Presumably at the rate Esteps were tuned at we should see 100% extrusion. If you ask it to extrude 100mm of filament it should extrude 100mm of filament.Most people seem to recommend what I have been calling static extrusion where the Z axis is raised and then you tell the printer to extrude a given length of filament at a given rate.
Has this been demonstrated to be accurate enough to compensate during actual printing?
Actual pressures will likely be notably higher especially for example if you are printing low layer heights and especially layer widths notably wider than your nozzle diameter.Test at a range of flow rates.
How many?
How high?
What is a good rule of thumb for max flow, max deviation, max correction?
Is that different for diffrent matierials like say hard filaments vs 95A TPU, vs 50A TPU?So now we have our extrusion tests done. I'll make up some results to use as an example. Let's say TPU because this is where NLE has the most benefit. And let's say tested up to 10mm/s just to give some nice round numbers.

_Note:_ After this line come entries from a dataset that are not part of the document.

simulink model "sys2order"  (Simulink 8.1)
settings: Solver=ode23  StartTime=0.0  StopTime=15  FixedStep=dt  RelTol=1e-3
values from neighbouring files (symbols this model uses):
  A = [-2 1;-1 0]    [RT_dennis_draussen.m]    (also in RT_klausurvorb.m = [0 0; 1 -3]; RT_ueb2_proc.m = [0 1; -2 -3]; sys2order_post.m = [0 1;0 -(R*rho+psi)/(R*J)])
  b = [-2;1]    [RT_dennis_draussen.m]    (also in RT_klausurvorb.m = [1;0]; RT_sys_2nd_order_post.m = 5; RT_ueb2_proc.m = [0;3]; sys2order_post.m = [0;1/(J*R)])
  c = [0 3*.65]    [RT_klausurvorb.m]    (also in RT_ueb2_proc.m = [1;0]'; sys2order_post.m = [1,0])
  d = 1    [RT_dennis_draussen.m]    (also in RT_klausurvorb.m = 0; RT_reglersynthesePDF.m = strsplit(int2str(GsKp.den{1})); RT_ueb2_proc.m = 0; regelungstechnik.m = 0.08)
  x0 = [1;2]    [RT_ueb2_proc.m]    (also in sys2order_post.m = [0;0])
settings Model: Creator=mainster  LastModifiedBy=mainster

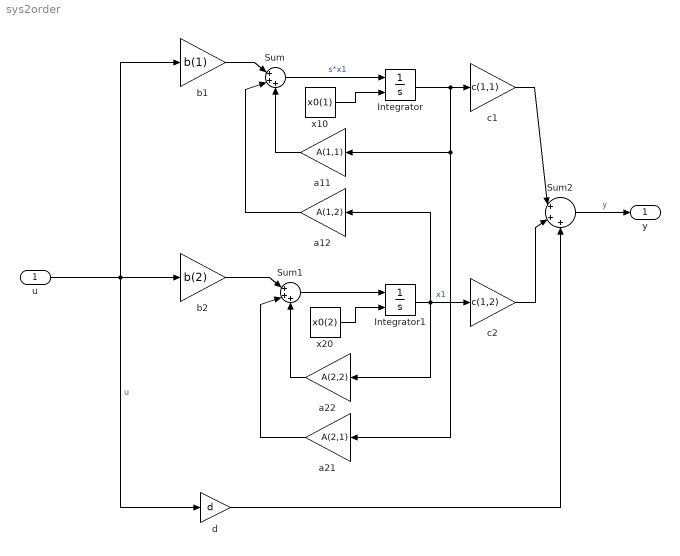
== system sys2order ==
  u : Inport
  Integrator : Integrator  InitialConditionSource=external
  Integrator1 : Integrator  InitialConditionSource=external
  Sum : Sum  Inputs=|+++
  Sum1 : Sum  Inputs=|+++
  Sum2 : Sum  Inputs=|+++
  a11 : Gain  Gain=A(1,1)  RndMeth=Round
  a12 : Gain  Gain=A(1,2)  RndMeth=Round
  a21 : Gain  Gain=A(2,1)  RndMeth=Round
  a22 : Gain  Gain=A(2,2)  RndMeth=Round
  b1 : Gain  Gain=b(1)  RndMeth=Round
  b2 : Gain  Gain=b(2)  RndMeth=Round
  c1 : Gain  Gain=c(1,1)  RndMeth=Round
  c2 : Gain  Gain=c(1,2)  RndMeth=Round
  d : Gain  Gain=d
  x10 : Constant  Value=x0(1)
  x20 : Constant  Value=x0(2)
  y : Outport
  wires:
  b2/1 -> Sum1/1
  a21/1 -> Sum1/2
  a22/1 -> Sum1/3
  b1/1 -> Sum/1
  a12/1 -> Sum/2
  a11/1 -> Sum/3
  Sum/1 -> Integrator/1  "s*x1"
  Sum1/1 -> Integrator1/1
  x20/1 -> Integrator1/2
  x10/1 -> Integrator/2
  Integrator1/1 -> a22/1, c2/1, a12/1
  Integrator/1 -> a11/1, a21/1, c1/1  "x1"
  c1/1 -> Sum2/1
  c2/1 -> Sum2/2
  u/1 -> b1/1, d/1, b2/1  "u"
  d/1 -> Sum2/3
  Sum2/1 -> y/1  "y"

Test is extruding 100mm and measuring to compare requested to extruded
So say
1mm/s 100mm
2mm/s 99.8
3mm/s 99.5
4mm/s 99
5mm/s 98.2
6mm/s 97.2
7mm/s 96
8mm/s 94.2
9mm/s 92
10mm/s 89Step 3?
Calculate M592 A and B values
Now how do we do the math? Or preferably what calculator should we use to enter these values into? Preferably an official Duet calculator known to work.Step 4?
test extrusion
My understanding is that the only way to test this is during a print move. So the test needs to include XY moves.
Is there any way we could put DWC into a testing mode where we can just use the extrude function and have it apply our M592 multiplier?
Otherwise can we come up with an official Gcode file that people can use that should give reliable results?
If we used the static test above then it seems logical to test again with the same test.
Today I have been testing with this. IDK if it's ideal but it seems to be working at least at lower speeds.
I know the faster the speeds the more we need to worry about things like acceleration.
G28
G0 X100Y0 F20000
G1 F60 x100 y100 e100 F60If we use the 10mm/s example above I imagine it should be plenty to test at 1mm/s, 5mm/s, and 10mm/s.
If it appears to be extruding 100mm at all three points it should be a pretty good curve everywhere else. I would think.
Step 5
I think it would still be ideal to have some sort of dynamic test. This does bring in a lot more variables, especially for your first few layers where you are impacted by first layer height. So you would probably want a test that prints a few mm high.
One thought might be a few rows probably at least three layer widths wide so you can look for under/over extrusion between them. You could have three or more different lines so it prints the first series of lines at your min test, the next series at midpoint, and the last series at max flow rate.
It would be nice to make it easy to change a couple variables like layer height and width to see if those impact your extrusion.Does this look like about the proper workflow?
If so can we get answers on things like the best way to do the calculations?
Or even better can Duet give us a known to work calculator that we can just enter our variables into? A plugin for DWC would be awesome.